Cola Gaza juga dijual secara online, dengan kemasan six pack seharga 12 poundsterling Inggris ($15). Sebagai perbandingan, enam bungkus Coke dijual dengan harga sekitar 4,70 pound ($6).
Qashoo mengatakan bahwa semua keuntungan dari minuman tersebut disumbangkan untuk pembangunan kembali bangsal bersalin Rumah Sakit al-Karama, barat laut Kota Gaza.
Perkumpulan boikot
Cola Gaza berada di antara merek-merek lain yang meningkatkan kesadaran akan Palestina dan boikot terhadap merek-merek besar yang beroperasi di Israel. Palestine Drinks, sebuah perusahaan Swedia yang diluncurkan pada bulan Februari, menjual rata-rata tiga hingga empat juta kaleng minuman mereka (satu adalah cola) per bulan, salah satu pendiri Mohamed Kiswani mengatakan kepada Al Jazeera. Matrix Cola, yang dibuat di Yordania pada tahun 2008 sebagai alternatif lokal untuk Coke dan Pepsi, yang mengoperasikan pabrik utama SodaStream di Tepi Barat yang diduduki Israel, melaporkan pada bulan Januari bahwa produksinya meningkat dua kali lipat dalam beberapa bulan terakhir. Dan Spiro Spathis, perusahaan minuman berkarbonasi tertua di Mesir, mengalami lonjakan penjualan yang besar selama kampanye “100% Buatan Mesir” tahun lalu.

Jeff Handmaker, seorang profesor sosiologi hukum di Erasmus University Rotterdam di Belanda, mengatakan bahwa meskipun boikot konsumen bertujuan untuk meminta pertanggungjawaban perusahaan dan negara yang dituduh melakukan kejahatan kekejaman, hal ini merupakan taktik untuk membangkitkan kesadaran dan akuntabilitas atas keterlibatan perusahaan atau institusi dalam kekejaman tersebut. kejahatan, dan bukan tujuan itu sendiri.
“Itu bahkan bukan tujuan mereka, melainkan untuk meningkatkan kesadaran, dan dalam hal ini kampanye untuk memboikot Coke terbukti berhasil,” tambah Handmaker.
Qashoo sekarang sedang mengerjakan versi berikutnya dari Cola Gaza, yang lebih bersoda. Sementara itu, ia berharap setiap tegukan Cola Gaza mengingatkan masyarakat akan penderitaan Palestina.

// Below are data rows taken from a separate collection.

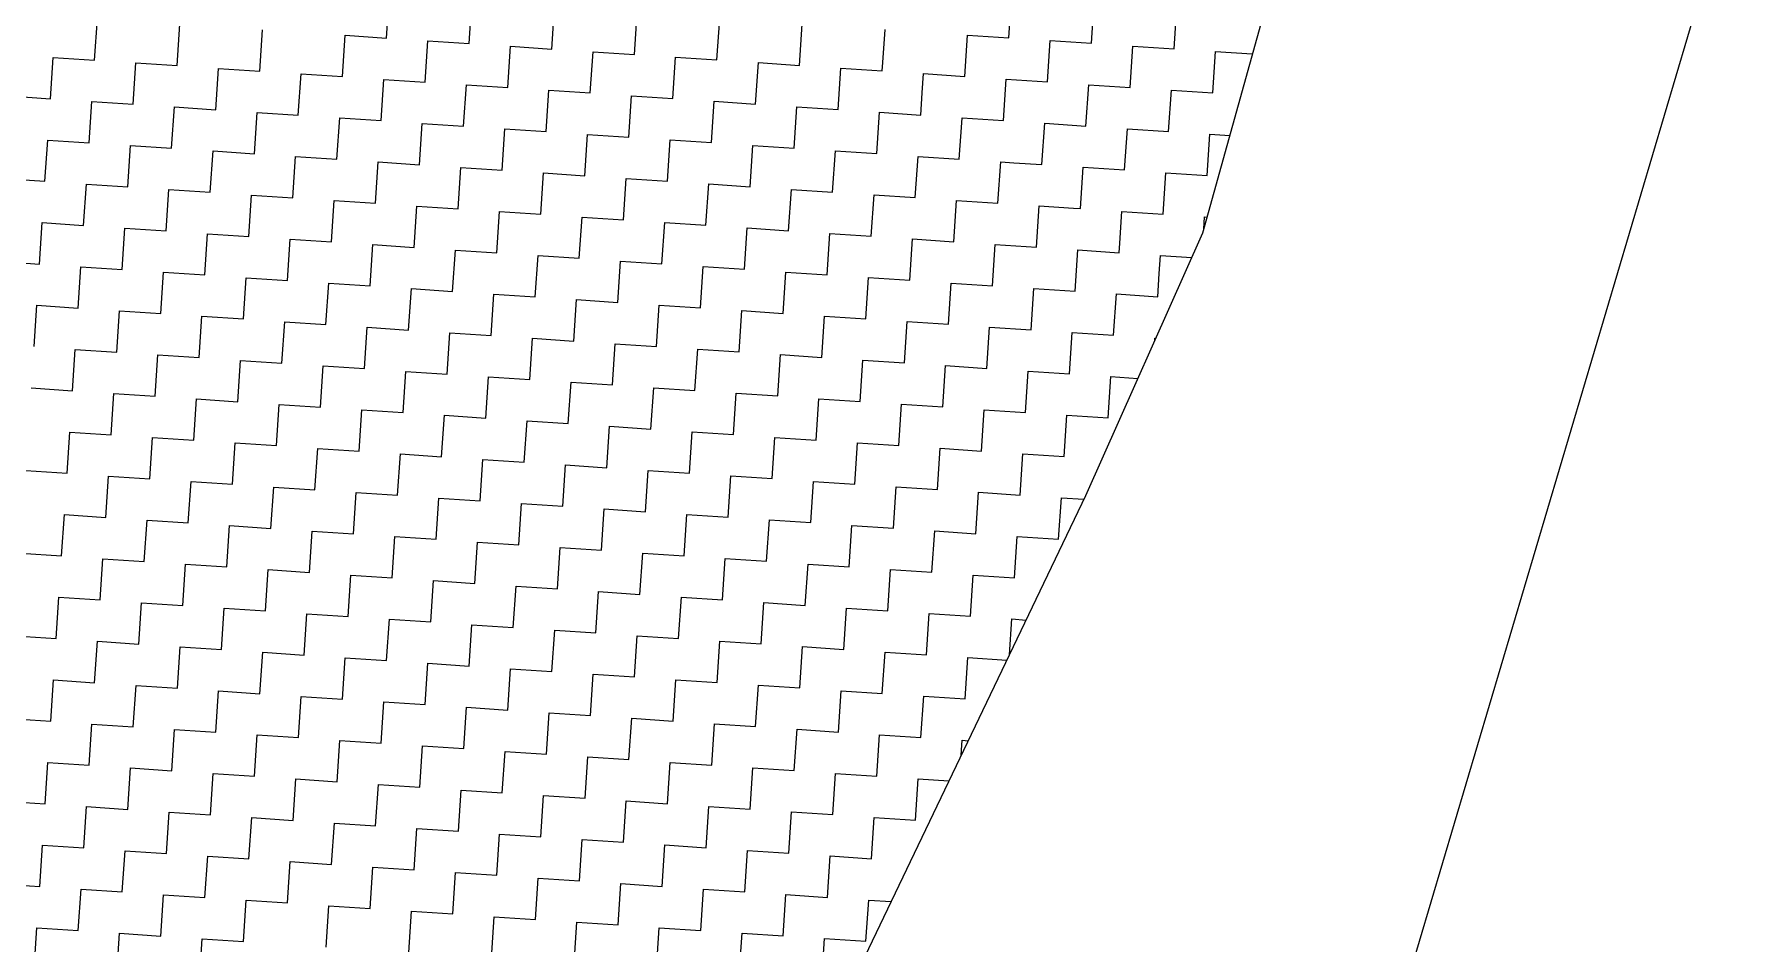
# Model space of a CAD drawing. Header units: metres. Extents: x 286068 to 287358, y 2005630 to 2007098.
# Drawn here: x 287182.4 to 287315.9, y 2006608.8 to 2006680.2 of the extents above; entities that cross this region are included whole.
import ezdxf

# ---------------------------------------------------------------- set-up
doc = ezdxf.new("R2010")
doc.units = ezdxf.units.M
doc.layers.add('POLY_HATCH', color=12, linetype='Continuous')
doc.layers.add('V_BOUND_LINE', color=7, linetype='Continuous')

msp = doc.modelspace()

# ---------------------------------------------------------------- linework, layer by layer
at = {"layer": 'POLY_HATCH'}
for p, q in [((287282.13, 2006693.59), (287274.06, 2006664.54)), ((287274.06, 2006664.54), (287264.87, 2006643.94)), ((287264.87, 2006643.94), (287242.17, 2006596.54))]:
    msp.add_line(p, q, dxfattribs=at)
at = {"layer": 'POLY_HATCH', "linetype": 'Continuous'}
for p, q in [((287210.02, 2006679.86), (287210.23, 2006683.1)), ((287216.5, 2006679.43), (287216.72, 2006682.67)), ((287222.99, 2006679), (287223.2, 2006682.24)), ((287258.86, 2006679.88), (287259.08, 2006683.12)), ((287265.35, 2006679.45), (287265.56, 2006682.69)), ((287271.83, 2006679.02), (287272.04, 2006682.26)), ((287187.11, 2006678.13), (287187.33, 2006681.37)), ((287193.59, 2006677.7), (287193.81, 2006680.94)), ((287200.08, 2006677.27), (287200.29, 2006680.51)), ((287229.47, 2006678.57), (287229.68, 2006681.81)), ((287235.95, 2006678.14), (287236.17, 2006681.38)), ((287242.44, 2006677.71), (287242.65, 2006680.95)), ((287248.96, 2006677.93), (287249.14, 2006680.52)), ((287206.56, 2006676.84), (287206.78, 2006680.08)), ((287206.78, 2006680.08), (287210.02, 2006679.86)), ((287213.05, 2006676.41), (287213.26, 2006679.65)), ((287213.26, 2006679.65), (287216.5, 2006679.43)), ((287219.53, 2006675.98), (287219.74, 2006679.22)), ((287219.74, 2006679.22), (287222.99, 2006679)), ((287255.4, 2006676.85), (287255.62, 2006680.09)), ((287255.62, 2006680.09), (287258.86, 2006679.88)), ((287261.89, 2006676.42), (287262.1, 2006679.66)), ((287262.1, 2006679.66), (287265.35, 2006679.45)), ((287268.37, 2006675.99), (287268.59, 2006679.23)), ((287268.59, 2006679.23), (287271.83, 2006679.02)), ((287183.65, 2006675.1), (287183.87, 2006678.34)), ((287183.87, 2006678.34), (287187.11, 2006678.13)), ((287190.14, 2006674.67), (287190.35, 2006677.91)), ((287190.35, 2006677.91), (287193.59, 2006677.7)), ((287226.01, 2006675.55), (287226.23, 2006678.79)), ((287226.23, 2006678.79), (287229.47, 2006678.57)), ((287232.5, 2006675.11), (287232.71, 2006678.36)), ((287232.71, 2006678.36), (287235.95, 2006678.14)), ((287238.98, 2006674.68), (287239.2, 2006677.93)), ((287239.2, 2006677.93), (287242.44, 2006677.71)), ((287248.92, 2006677.28), (287248.96, 2006677.93)), ((287274.86, 2006675.56), (287275.07, 2006678.8)), ((287275.07, 2006678.8), (287277.96, 2006678.61)), ((287196.62, 2006674.24), (287196.84, 2006677.48)), ((287196.84, 2006677.48), (287200.08, 2006677.27)), ((287203.1, 2006673.81), (287203.32, 2006677.05)), ((287203.32, 2006677.05), (287206.56, 2006676.84)), ((287209.59, 2006673.38), (287209.8, 2006676.62)), ((287209.8, 2006676.62), (287213.05, 2006676.41)), ((287245.46, 2006674.25), (287245.68, 2006677.5)), ((287245.68, 2006677.5), (287248.92, 2006677.28)), ((287252.06, 2006675.56), (287252.16, 2006677.07)), ((287252.16, 2006677.07), (287255.4, 2006676.85)), ((287258.43, 2006673.39), (287258.65, 2006676.63)), ((287258.65, 2006676.63), (287261.89, 2006676.42)), ((287180.41, 2006675.32), (287183.65, 2006675.1)), ((287216.07, 2006672.95), (287216.29, 2006676.19)), ((287216.29, 2006676.19), (287219.53, 2006675.98)), ((287222.56, 2006672.52), (287222.77, 2006675.76)), ((287222.77, 2006675.76), (287226.01, 2006675.55)), ((287229.04, 2006672.09), (287229.25, 2006675.33)), ((287229.25, 2006675.33), (287232.5, 2006675.11)), ((287251.95, 2006673.82), (287252.06, 2006675.56)), ((287264.91, 2006672.96), (287265.13, 2006676.2)), ((287265.13, 2006676.2), (287268.37, 2006675.99)), ((287271.4, 2006672.53), (287271.61, 2006675.77)), ((287271.61, 2006675.77), (287274.86, 2006675.56)), ((287186.68, 2006671.64), (287186.9, 2006674.89)), ((287186.9, 2006674.89), (287190.14, 2006674.67)), ((287193.16, 2006671.21), (287193.38, 2006674.46)), ((287193.38, 2006674.46), (287196.62, 2006674.24)), ((287199.65, 2006670.78), (287199.86, 2006674.02)), ((287199.86, 2006674.02), (287203.1, 2006673.81)), ((287235.52, 2006671.66), (287235.74, 2006674.9)), ((287235.74, 2006674.9), (287238.98, 2006674.68)), ((287242.01, 2006671.23), (287242.22, 2006674.47)), ((287242.22, 2006674.47), (287245.46, 2006674.25)), ((287248.49, 2006670.8), (287248.71, 2006674.04)), ((287248.71, 2006674.04), (287251.95, 2006673.82)), ((287206.13, 2006670.35), (287206.35, 2006673.59)), ((287206.35, 2006673.59), (287209.59, 2006673.38)), ((287212.61, 2006669.92), (287212.83, 2006673.16)), ((287212.83, 2006673.16), (287216.07, 2006672.95)), ((287219.1, 2006669.49), (287219.31, 2006672.73)), ((287219.31, 2006672.73), (287222.56, 2006672.52)), ((287254.97, 2006670.37), (287255.16, 2006673.2)), ((287255.16, 2006673.2), (287255.19, 2006673.61)), ((287255.19, 2006673.61), (287258.43, 2006673.39)), ((287261.46, 2006669.94), (287261.67, 2006673.18)), ((287261.67, 2006673.18), (287264.91, 2006672.96)), ((287267.94, 2006669.51), (287268.16, 2006672.75)), ((287268.16, 2006672.75), (287271.4, 2006672.53)), ((287183.22, 2006668.62), (287183.44, 2006671.86)), ((287183.44, 2006671.86), (287186.68, 2006671.64)), ((287189.71, 2006668.19), (287189.92, 2006671.43)), ((287189.92, 2006671.43), (287193.16, 2006671.21)), ((287225.58, 2006669.06), (287225.8, 2006672.3)), ((287225.8, 2006672.3), (287229.04, 2006672.09)), ((287232.07, 2006668.63), (287232.28, 2006671.87)), ((287232.28, 2006671.87), (287235.52, 2006671.66)), ((287238.55, 2006668.2), (287238.76, 2006671.44)), ((287238.76, 2006671.44), (287242.01, 2006671.23)), ((287274.42, 2006669.08), (287274.64, 2006672.32)), ((287274.64, 2006672.32), (287276.19, 2006672.21)), ((287196.19, 2006667.76), (287196.41, 2006671)), ((287196.41, 2006671), (287199.65, 2006670.78)), ((287202.67, 2006667.33), (287202.89, 2006670.57)), ((287202.89, 2006670.57), (287206.13, 2006670.35)), ((287209.16, 2006666.9), (287209.37, 2006670.14)), ((287209.37, 2006670.14), (287212.61, 2006669.92)), ((287245.03, 2006667.77), (287245.25, 2006671.01)), ((287245.25, 2006671.01), (287248.49, 2006670.8)), ((287251.52, 2006667.34), (287251.73, 2006670.58)), ((287251.73, 2006670.58), (287254.97, 2006670.37)), ((287258, 2006666.91), (287258.22, 2006670.15)), ((287258.22, 2006670.15), (287259.26, 2006670.08)), ((287259.26, 2006670.08), (287261.46, 2006669.94)), ((287179.98, 2006668.83), (287183.22, 2006668.62)), ((287215.64, 2006666.47), (287215.86, 2006669.71)), ((287215.86, 2006669.71), (287219.1, 2006669.49)), ((287222.13, 2006666.03), (287222.34, 2006669.28)), ((287222.34, 2006669.28), (287225.58, 2006669.06)), ((287228.61, 2006665.6), (287228.82, 2006668.85)), ((287228.82, 2006668.85), (287232.07, 2006668.63)), ((287264.48, 2006666.48), (287264.7, 2006669.72)), ((287264.7, 2006669.72), (287267.94, 2006669.51)), ((287270.97, 2006666.05), (287271.18, 2006669.29)), ((287271.18, 2006669.29), (287274.42, 2006669.08)), ((287186.25, 2006665.16), (287186.47, 2006668.4)), ((287186.47, 2006668.4), (287189.71, 2006668.19)), ((287192.73, 2006664.73), (287192.95, 2006667.97)), ((287192.95, 2006667.97), (287196.19, 2006667.76)), ((287199.22, 2006664.3), (287199.43, 2006667.54)), ((287199.43, 2006667.54), (287202.67, 2006667.33)), ((287235.09, 2006665.17), (287235.31, 2006668.42)), ((287235.31, 2006668.42), (287238.55, 2006668.2)), ((287241.58, 2006664.74), (287241.79, 2006667.99)), ((287241.79, 2006667.99), (287245.03, 2006667.77)), ((287248.06, 2006664.31), (287248.28, 2006667.56)), ((287248.28, 2006667.56), (287251.52, 2006667.34)), ((287205.7, 2006663.87), (287205.92, 2006667.11)), ((287205.92, 2006667.11), (287209.16, 2006666.9)), ((287212.18, 2006663.44), (287212.4, 2006666.68)), ((287212.4, 2006666.68), (287215.64, 2006666.47)), ((287218.67, 2006663.01), (287218.88, 2006666.25)), ((287218.88, 2006666.25), (287222.13, 2006666.03)), ((287225.15, 2006662.58), (287225.37, 2006665.82)), ((287225.37, 2006665.82), (287228.61, 2006665.6)), ((287254.54, 2006663.88), (287254.76, 2006667.12)), ((287254.76, 2006667.12), (287258, 2006666.91)), ((287261.03, 2006663.45), (287261.24, 2006666.69)), ((287261.24, 2006666.69), (287263.94, 2006666.52)), ((287263.94, 2006666.52), (287264.48, 2006666.48)), ((287267.56, 2006663.76), (287267.73, 2006666.26)), ((287267.73, 2006666.26), (287270.97, 2006666.05)), ((287274.15, 2006664.86), (287274.21, 2006665.83)), ((287274.21, 2006665.83), (287274.41, 2006665.82)), ((287182.79, 2006662.13), (287183.01, 2006665.38)), ((287183.01, 2006665.38), (287186.25, 2006665.16)), ((287189.28, 2006661.7), (287189.49, 2006664.95)), ((287189.49, 2006664.95), (287192.73, 2006664.73)), ((287195.76, 2006661.27), (287195.98, 2006664.51)), ((287195.98, 2006664.51), (287199.22, 2006664.3)), ((287231.64, 2006662.15), (287231.85, 2006665.39)), ((287231.85, 2006665.39), (287235.09, 2006665.17)), ((287238.12, 2006661.72), (287238.33, 2006664.96)), ((287238.33, 2006664.96), (287241.58, 2006664.74)), ((287244.6, 2006661.29), (287244.82, 2006664.53)), ((287244.82, 2006664.53), (287248.06, 2006664.31)), ((287202.24, 2006660.84), (287202.46, 2006664.08)), ((287202.46, 2006664.08), (287205.7, 2006663.87)), ((287208.73, 2006660.41), (287208.94, 2006663.65)), ((287208.94, 2006663.65), (287212.18, 2006663.44)), ((287215.21, 2006659.98), (287215.43, 2006663.22)), ((287215.43, 2006663.22), (287218.67, 2006663.01)), ((287251.09, 2006660.86), (287251.3, 2006664.1)), ((287251.3, 2006664.1), (287254.54, 2006663.88)), ((287257.57, 2006660.43), (287257.79, 2006663.67)), ((287257.79, 2006663.67), (287261.03, 2006663.45)), ((287264.05, 2006660), (287264.27, 2006663.24)), ((287264.27, 2006663.24), (287267.51, 2006663.02)), ((287267.51, 2006663.02), (287267.56, 2006663.76)), ((287179.55, 2006662.35), (287182.79, 2006662.13)), ((287185.82, 2006658.68), (287186.03, 2006661.92)), ((287186.03, 2006661.92), (287189.28, 2006661.7)), ((287221.69, 2006659.55), (287221.91, 2006662.79)), ((287221.91, 2006662.79), (287225.15, 2006662.58)), ((287228.18, 2006659.12), (287228.39, 2006662.36)), ((287228.39, 2006662.36), (287231.64, 2006662.15)), ((287234.66, 2006658.69), (287234.88, 2006661.93)), ((287234.88, 2006661.93), (287238.12, 2006661.72)), ((287270.66, 2006661.39), (287270.75, 2006662.81)), ((287270.75, 2006662.81), (287273.21, 2006662.64)), ((287192.3, 2006658.25), (287192.52, 2006661.49)), ((287192.52, 2006661.49), (287195.76, 2006661.27)), ((287198.79, 2006657.82), (287199, 2006661.06)), ((287199, 2006661.06), (287202.24, 2006660.84)), ((287205.27, 2006657.39), (287205.49, 2006660.63)), ((287205.49, 2006660.63), (287208.73, 2006660.41)), ((287241.15, 2006658.26), (287241.36, 2006661.5)), ((287241.36, 2006661.5), (287244.6, 2006661.29)), ((287247.63, 2006657.83), (287247.84, 2006661.07)), ((287247.84, 2006661.07), (287251.09, 2006660.86)), ((287254.11, 2006657.4), (287254.33, 2006660.64)), ((287254.33, 2006660.64), (287257.57, 2006660.43)), ((287270.54, 2006659.56), (287270.66, 2006661.39)), ((287211.75, 2006656.95), (287211.97, 2006660.2)), ((287211.97, 2006660.2), (287215.21, 2006659.98)), ((287218.24, 2006656.52), (287218.45, 2006659.77)), ((287218.45, 2006659.77), (287221.69, 2006659.55)), ((287224.72, 2006656.09), (287224.94, 2006659.34)), ((287224.94, 2006659.34), (287228.18, 2006659.12)), ((287260.6, 2006656.97), (287260.81, 2006660.21)), ((287260.81, 2006660.21), (287264.05, 2006660)), ((287267.08, 2006656.54), (287267.3, 2006659.78)), ((287267.3, 2006659.78), (287270.54, 2006659.56)), ((287182.36, 2006655.65), (287182.58, 2006658.89)), ((287182.58, 2006658.89), (287185.82, 2006658.68)), ((287188.85, 2006655.22), (287189.06, 2006658.46)), ((287189.06, 2006658.46), (287192.3, 2006658.25)), ((287195.33, 2006654.79), (287195.54, 2006658.03)), ((287195.54, 2006658.03), (287198.79, 2006657.82)), ((287231.21, 2006655.66), (287231.42, 2006658.91)), ((287231.42, 2006658.91), (287234.66, 2006658.69)), ((287237.69, 2006655.23), (287237.9, 2006658.48)), ((287237.9, 2006658.48), (287241.15, 2006658.26)), ((287244.17, 2006654.8), (287244.39, 2006658.04)), ((287244.39, 2006658.04), (287247.63, 2006657.83)), ((287201.81, 2006654.36), (287202.03, 2006657.6)), ((287202.03, 2006657.6), (287205.27, 2006657.39)), ((287208.3, 2006653.93), (287208.51, 2006657.17)), ((287208.51, 2006657.17), (287211.75, 2006656.95)), ((287214.78, 2006653.5), (287215, 2006656.74)), ((287215, 2006656.74), (287218.24, 2006656.52)), ((287250.66, 2006654.37), (287250.87, 2006657.61)), ((287250.87, 2006657.61), (287254.11, 2006657.4)), ((287257.14, 2006653.94), (287257.35, 2006657.18)), ((287257.35, 2006657.18), (287260.6, 2006656.97)), ((287263.62, 2006653.51), (287263.84, 2006656.75)), ((287263.84, 2006656.75), (287267.08, 2006656.54)), ((287185.39, 2006652.19), (287185.6, 2006655.43)), ((287185.6, 2006655.43), (287188.85, 2006655.22)), ((287221.26, 2006653.07), (287221.48, 2006656.31)), ((287221.48, 2006656.31), (287224.72, 2006656.09)), ((287227.75, 2006652.64), (287227.96, 2006655.88)), ((287227.96, 2006655.88), (287231.21, 2006655.66)), ((287234.23, 2006652.21), (287234.45, 2006655.45)), ((287234.45, 2006655.45), (287237.69, 2006655.23)), ((287270.31, 2006656.14), (287270.32, 2006656.32)), ((287270.32, 2006656.32), (287270.39, 2006656.32)), ((287191.87, 2006651.76), (287192.09, 2006655)), ((287192.09, 2006655), (287195.33, 2006654.79)), ((287198.36, 2006651.33), (287198.57, 2006654.57)), ((287198.57, 2006654.57), (287201.81, 2006654.36)), ((287204.84, 2006650.9), (287205.06, 2006654.14)), ((287205.06, 2006654.14), (287208.3, 2006653.93)), ((287240.72, 2006651.78), (287240.93, 2006655.02)), ((287240.93, 2006655.02), (287244.17, 2006654.8)), ((287247.2, 2006651.35), (287247.41, 2006654.59)), ((287247.41, 2006654.59), (287250.66, 2006654.37)), ((287253.68, 2006650.92), (287253.9, 2006654.16)), ((287253.9, 2006654.16), (287257.14, 2006653.94)), ((287211.32, 2006650.47), (287211.54, 2006653.71)), ((287211.54, 2006653.71), (287214.78, 2006653.5)), ((287217.81, 2006650.04), (287218.02, 2006653.28)), ((287218.02, 2006653.28), (287221.26, 2006653.07)), ((287224.29, 2006649.61), (287224.51, 2006652.85)), ((287224.51, 2006652.85), (287227.75, 2006652.64)), ((287260.17, 2006650.49), (287260.38, 2006653.73)), ((287260.38, 2006653.73), (287263.62, 2006653.51)), ((287266.65, 2006650.05), (287266.87, 2006653.3)), ((287266.87, 2006653.3), (287268.98, 2006653.16)), ((287182.15, 2006652.41), (287185.39, 2006652.19)), ((287188.42, 2006648.74), (287188.63, 2006651.98)), ((287188.63, 2006651.98), (287191.87, 2006651.76)), ((287194.9, 2006648.31), (287195.11, 2006651.55)), ((287195.11, 2006651.55), (287198.36, 2006651.33)), ((287230.77, 2006649.18), (287230.99, 2006652.42)), ((287230.99, 2006652.42), (287234.23, 2006652.21)), ((287237.26, 2006648.75), (287237.47, 2006651.99)), ((287237.47, 2006651.99), (287240.72, 2006651.78)), ((287243.74, 2006648.32), (287243.96, 2006651.56)), ((287243.96, 2006651.56), (287247.2, 2006651.35)), ((287250.23, 2006647.89), (287250.44, 2006651.13)), ((287250.44, 2006651.13), (287253.68, 2006650.92)), ((287201.38, 2006647.88), (287201.6, 2006651.12)), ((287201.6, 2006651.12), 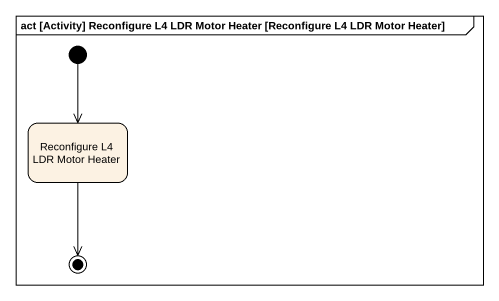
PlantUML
@startuml
mainframe act [Activity] Reconfigure L4 LDR Motor Heater [Reconfigure L4 LDR Motor Heater]
hide empty description
state "Reconfigure L4 LDR Motor Heater" as Reconfigure_L4_LDR_Motor
[*] --> Reconfigure_L4_LDR_Motor
Reconfigure_L4_LDR_Motor --> [*]
@enduml

“Kita perlu mengingatkan generasi demi generasi akan bencana yang mengerikan ini,” katanya. “Ini sedang terjadi dan telah terjadi selama 75 tahun.”
“Itu hanya perlu menjadi pengingat kecil dan lembut, seperti 'ngomong-ngomong, selamat menikmati minumanmu, salam dari Palestina'.”